- **How to complete this task**:
Copy each line below that has "Crystal".

- **Records to use**:

▼

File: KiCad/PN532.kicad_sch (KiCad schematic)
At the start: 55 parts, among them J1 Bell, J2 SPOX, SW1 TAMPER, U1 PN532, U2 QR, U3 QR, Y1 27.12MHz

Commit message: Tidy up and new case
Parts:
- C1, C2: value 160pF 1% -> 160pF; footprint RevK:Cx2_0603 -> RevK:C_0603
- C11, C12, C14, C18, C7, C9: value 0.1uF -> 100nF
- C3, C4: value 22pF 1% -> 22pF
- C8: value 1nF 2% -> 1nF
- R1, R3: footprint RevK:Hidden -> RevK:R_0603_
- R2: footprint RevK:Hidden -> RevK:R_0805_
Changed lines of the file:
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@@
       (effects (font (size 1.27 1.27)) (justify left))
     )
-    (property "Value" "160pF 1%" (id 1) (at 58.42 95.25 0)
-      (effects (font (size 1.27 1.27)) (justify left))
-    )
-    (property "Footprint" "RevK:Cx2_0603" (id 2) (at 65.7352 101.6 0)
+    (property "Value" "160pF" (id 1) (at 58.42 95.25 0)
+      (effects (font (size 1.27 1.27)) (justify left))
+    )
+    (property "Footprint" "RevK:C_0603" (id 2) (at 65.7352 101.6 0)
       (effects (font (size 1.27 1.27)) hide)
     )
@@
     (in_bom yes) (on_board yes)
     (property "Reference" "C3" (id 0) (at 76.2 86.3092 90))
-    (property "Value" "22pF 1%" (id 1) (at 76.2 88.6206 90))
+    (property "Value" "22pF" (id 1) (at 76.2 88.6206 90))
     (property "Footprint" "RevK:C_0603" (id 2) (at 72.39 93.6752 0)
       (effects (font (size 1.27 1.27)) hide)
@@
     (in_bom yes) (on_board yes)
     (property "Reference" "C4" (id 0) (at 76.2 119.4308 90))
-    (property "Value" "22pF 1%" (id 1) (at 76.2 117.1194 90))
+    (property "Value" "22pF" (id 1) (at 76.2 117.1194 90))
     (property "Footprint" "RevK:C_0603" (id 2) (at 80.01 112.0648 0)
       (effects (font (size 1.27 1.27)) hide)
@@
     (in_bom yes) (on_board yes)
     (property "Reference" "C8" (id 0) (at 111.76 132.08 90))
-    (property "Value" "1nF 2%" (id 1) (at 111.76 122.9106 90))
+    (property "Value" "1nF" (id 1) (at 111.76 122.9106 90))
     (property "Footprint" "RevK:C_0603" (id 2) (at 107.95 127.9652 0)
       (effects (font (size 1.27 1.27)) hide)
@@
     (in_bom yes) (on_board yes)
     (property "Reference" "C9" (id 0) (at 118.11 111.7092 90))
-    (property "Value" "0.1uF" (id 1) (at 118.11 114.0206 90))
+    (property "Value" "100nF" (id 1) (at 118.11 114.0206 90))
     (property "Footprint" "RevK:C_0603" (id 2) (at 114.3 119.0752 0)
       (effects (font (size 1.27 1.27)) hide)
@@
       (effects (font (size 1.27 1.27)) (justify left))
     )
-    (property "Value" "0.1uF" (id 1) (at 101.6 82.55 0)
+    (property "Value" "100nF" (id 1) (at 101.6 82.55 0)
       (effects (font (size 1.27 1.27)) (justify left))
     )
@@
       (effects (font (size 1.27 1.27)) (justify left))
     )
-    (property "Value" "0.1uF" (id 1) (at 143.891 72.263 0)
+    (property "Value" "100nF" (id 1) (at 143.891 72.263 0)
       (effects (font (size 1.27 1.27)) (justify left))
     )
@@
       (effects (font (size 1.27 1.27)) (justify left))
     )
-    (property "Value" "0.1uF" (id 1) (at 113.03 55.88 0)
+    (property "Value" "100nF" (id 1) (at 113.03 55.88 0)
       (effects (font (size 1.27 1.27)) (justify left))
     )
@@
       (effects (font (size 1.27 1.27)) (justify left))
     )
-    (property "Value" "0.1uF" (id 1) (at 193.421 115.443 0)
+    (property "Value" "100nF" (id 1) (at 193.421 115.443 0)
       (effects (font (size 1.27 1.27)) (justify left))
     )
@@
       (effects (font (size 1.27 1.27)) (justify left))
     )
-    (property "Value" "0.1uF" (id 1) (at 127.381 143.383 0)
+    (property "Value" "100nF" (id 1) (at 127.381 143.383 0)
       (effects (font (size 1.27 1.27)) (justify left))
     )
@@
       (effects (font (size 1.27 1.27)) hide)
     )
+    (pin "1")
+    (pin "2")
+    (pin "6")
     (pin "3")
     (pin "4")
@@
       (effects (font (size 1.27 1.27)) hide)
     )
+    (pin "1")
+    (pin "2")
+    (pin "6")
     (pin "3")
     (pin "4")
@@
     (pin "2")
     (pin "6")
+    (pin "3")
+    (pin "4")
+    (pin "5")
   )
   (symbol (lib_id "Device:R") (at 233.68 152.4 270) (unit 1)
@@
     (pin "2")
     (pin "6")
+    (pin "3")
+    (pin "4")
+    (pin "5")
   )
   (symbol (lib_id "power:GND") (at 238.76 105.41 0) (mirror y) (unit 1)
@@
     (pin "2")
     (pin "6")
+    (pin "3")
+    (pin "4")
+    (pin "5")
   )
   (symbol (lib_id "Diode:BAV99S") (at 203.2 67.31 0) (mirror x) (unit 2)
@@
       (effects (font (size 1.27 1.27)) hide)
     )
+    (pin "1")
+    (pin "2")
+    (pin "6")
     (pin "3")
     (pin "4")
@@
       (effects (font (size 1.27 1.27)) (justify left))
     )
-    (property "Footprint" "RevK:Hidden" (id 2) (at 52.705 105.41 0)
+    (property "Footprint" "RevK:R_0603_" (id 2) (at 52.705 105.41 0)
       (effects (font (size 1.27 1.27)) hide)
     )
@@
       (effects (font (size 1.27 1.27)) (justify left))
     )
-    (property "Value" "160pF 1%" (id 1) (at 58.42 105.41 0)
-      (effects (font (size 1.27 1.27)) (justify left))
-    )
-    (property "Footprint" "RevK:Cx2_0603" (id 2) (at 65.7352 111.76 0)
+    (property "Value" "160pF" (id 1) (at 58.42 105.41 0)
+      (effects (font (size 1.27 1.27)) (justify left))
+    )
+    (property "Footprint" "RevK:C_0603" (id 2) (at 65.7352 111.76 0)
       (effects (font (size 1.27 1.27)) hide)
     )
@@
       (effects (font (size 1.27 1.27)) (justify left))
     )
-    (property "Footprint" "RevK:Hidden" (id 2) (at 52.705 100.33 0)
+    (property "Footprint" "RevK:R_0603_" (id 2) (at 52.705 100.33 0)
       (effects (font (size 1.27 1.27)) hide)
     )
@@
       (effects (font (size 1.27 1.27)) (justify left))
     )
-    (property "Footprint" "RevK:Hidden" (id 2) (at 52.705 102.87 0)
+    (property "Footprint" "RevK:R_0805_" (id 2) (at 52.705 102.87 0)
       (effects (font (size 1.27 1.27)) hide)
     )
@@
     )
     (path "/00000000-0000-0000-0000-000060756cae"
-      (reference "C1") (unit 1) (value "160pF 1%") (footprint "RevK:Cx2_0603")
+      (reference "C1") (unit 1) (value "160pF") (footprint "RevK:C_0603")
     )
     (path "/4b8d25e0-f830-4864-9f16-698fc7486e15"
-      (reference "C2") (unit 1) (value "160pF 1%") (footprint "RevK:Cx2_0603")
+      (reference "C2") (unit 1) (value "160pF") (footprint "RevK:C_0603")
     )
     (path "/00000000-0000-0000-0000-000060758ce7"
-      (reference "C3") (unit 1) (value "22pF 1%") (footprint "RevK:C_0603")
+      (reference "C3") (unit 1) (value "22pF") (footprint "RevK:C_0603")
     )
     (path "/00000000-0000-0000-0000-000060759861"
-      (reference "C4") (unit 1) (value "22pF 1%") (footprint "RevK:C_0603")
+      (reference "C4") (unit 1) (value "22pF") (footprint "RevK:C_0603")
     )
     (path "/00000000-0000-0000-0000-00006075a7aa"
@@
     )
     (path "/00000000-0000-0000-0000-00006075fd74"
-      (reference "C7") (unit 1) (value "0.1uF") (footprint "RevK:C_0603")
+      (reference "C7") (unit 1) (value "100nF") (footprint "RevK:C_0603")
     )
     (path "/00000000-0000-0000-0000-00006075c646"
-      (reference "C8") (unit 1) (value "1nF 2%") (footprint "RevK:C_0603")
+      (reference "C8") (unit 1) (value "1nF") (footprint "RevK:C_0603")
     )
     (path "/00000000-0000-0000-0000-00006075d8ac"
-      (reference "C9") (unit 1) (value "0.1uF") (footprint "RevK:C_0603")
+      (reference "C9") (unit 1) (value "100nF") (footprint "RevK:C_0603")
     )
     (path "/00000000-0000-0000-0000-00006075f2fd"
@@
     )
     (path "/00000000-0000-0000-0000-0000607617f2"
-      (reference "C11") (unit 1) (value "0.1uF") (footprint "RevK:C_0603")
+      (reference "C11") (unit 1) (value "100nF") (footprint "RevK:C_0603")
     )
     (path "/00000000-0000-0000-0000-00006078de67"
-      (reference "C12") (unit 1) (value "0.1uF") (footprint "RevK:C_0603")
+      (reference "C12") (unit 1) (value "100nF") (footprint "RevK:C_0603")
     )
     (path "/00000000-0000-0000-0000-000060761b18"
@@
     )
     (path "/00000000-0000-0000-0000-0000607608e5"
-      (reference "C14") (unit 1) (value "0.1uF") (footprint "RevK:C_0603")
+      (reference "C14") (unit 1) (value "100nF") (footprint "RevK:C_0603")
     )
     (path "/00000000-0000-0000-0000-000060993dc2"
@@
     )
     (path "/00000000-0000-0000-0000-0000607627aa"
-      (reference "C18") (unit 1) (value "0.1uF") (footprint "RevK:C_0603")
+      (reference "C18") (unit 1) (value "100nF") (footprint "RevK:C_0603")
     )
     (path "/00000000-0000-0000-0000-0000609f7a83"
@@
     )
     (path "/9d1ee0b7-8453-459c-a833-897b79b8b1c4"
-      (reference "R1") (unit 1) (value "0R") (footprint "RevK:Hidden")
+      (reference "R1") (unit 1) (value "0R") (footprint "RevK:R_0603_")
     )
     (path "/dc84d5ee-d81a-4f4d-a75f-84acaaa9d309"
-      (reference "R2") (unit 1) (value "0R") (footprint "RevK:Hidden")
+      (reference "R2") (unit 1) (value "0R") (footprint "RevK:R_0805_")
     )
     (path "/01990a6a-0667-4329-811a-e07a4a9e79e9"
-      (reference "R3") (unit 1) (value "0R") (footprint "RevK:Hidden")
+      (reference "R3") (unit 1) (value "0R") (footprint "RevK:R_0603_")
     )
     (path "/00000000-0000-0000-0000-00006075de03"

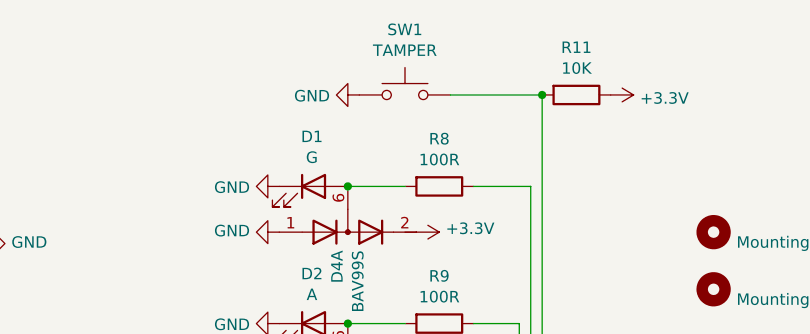
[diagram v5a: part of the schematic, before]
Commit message: Proper tamper switch
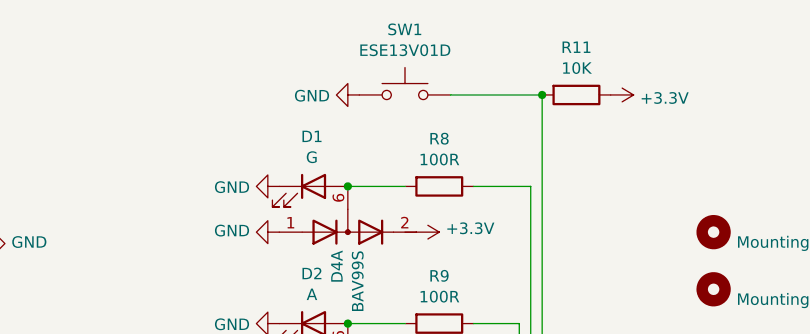
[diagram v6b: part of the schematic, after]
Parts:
- SW1: value TAMPER -> ESE13V01D; footprint RevK:SW_PUSH_6mm_SMD -> RevK:ESE13; Manufacturer E-Switch -> Panasonic; Part No LL3301NF065QG -> ESE13V01D; now in the parts list
- Y1: footprint RevK:Crystal-3.4x2.7 -> RevK:Crystal-3.2x2.5
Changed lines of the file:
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@@
       (effects (font (size 1.27 1.27)) (justify left))
     )
-    (property "Footprint" "RevK:Crystal-3.4x2.7" (id 2) (at 158.75 144.78 0)
+    (property "Footprint" "RevK:Crystal-3.2x2.5" (id 2) (at 158.75 144.78 0)
       (effects (font (size 1.27 1.27)) hide)
     )
@@
   )
   (symbol (lib_id "Switch:SW_Push") (at 209.55 20.32 0) (unit 1)
-    (in_bom no) (on_board yes)
+    (in_bom yes) (on_board yes)
     (property "Reference" "SW1" (id 0) (at 209.55 13.081 0))
-    (property "Value" "TAMPER" (id 1) (at 209.55 15.3924 0))
-    (property "Footprint" "RevK:SW_PUSH_6mm_SMD" (id 2) (at 209.55 15.24 0)
-      (effects (font (size 1.27 1.27)) hide)
-    )
-    (property "Datasheet" "https://www.mouser.co.uk/ProductDetail/612-LL3301NF065QG" (id 3) (at 209.55 15.24 0)
-      (effects (font (size 1.27 1.27)) hide)
-    )
-    (property "Part No" "LL3301NF065QG" (id 4) (at 209.55 20.32 0)
-      (effects (font (size 1.27 1.27)) hide)
-    )
-    (property "Manufacturer" "E-Switch" (id 5) (at 209.55 20.32 0)
+    (property "Value" "ESE13V01D" (id 1) (at 209.55 15.3924 0))
+    (property "Footprint" "RevK:ESE13" (id 2) (at 209.55 15.24 0)
+      (effects (font (size 1.27 1.27)) hide)
+    )
+    (property "Datasheet" "https://docs.rs-online.com/73f9/0900766b810acfc9.pdf" (id 3) (at 209.55 15.24 0)
+      (effects (font (size 1.27 1.27)) hide)
+    )
+    (property "Part No" "ESE13V01D" (id 4) (at 209.55 20.32 0)
+      (effects (font (size 1.27 1.27)) hide)
+    )
+    (property "Manufacturer" "Panasonic" (id 5) (at 209.55 20.32 0)
       (effects (font (size 1.27 1.27)) hide)
     )
@@
     )
     (path "/00000000-0000-0000-0000-00006076e91e"
-      (reference "SW1") (unit 1) (value "TAMPER") (footprint "RevK:SW_PUSH_6mm_SMD")
+      (reference "SW1") (unit 1) (value "ESE13V01D") (footprint "RevK:ESE13")
     )
     (path "/00000000-0000-0000-0000-0000609b72f2"
@@
     )
     (path "/00000000-0000-0000-0000-00006075caf9"
-      (reference "Y1") (unit 1) (value "27.12MHz") (footprint "RevK:Crystal-3.4x2.7")
-    )
-  )
+      (reference "Y1") (unit 1) (value "27.12MHz") (footprint "RevK:Crystal-3.2x2.5")
+    )
+  )

▲

- **Result of this exercise**:
- Y1: footprint RevK:Crystal-3.4x2.7 -> RevK:Crystal-3.2x2.5
-    (property "Footprint" "RevK:Crystal-3.4x2.7" (id 2) (at 158.75 144.78 0)
+    (property "Footprint" "RevK:Crystal-3.2x2.5" (id 2) (at 158.75 144.78 0)
-      (reference "Y1") (unit 1) (value "27.12MHz") (footprint "RevK:Crystal-3.4x2.7")
+      (reference "Y1") (unit 1) (value "27.12MHz") (footprint "RevK:Crystal-3.2x2.5")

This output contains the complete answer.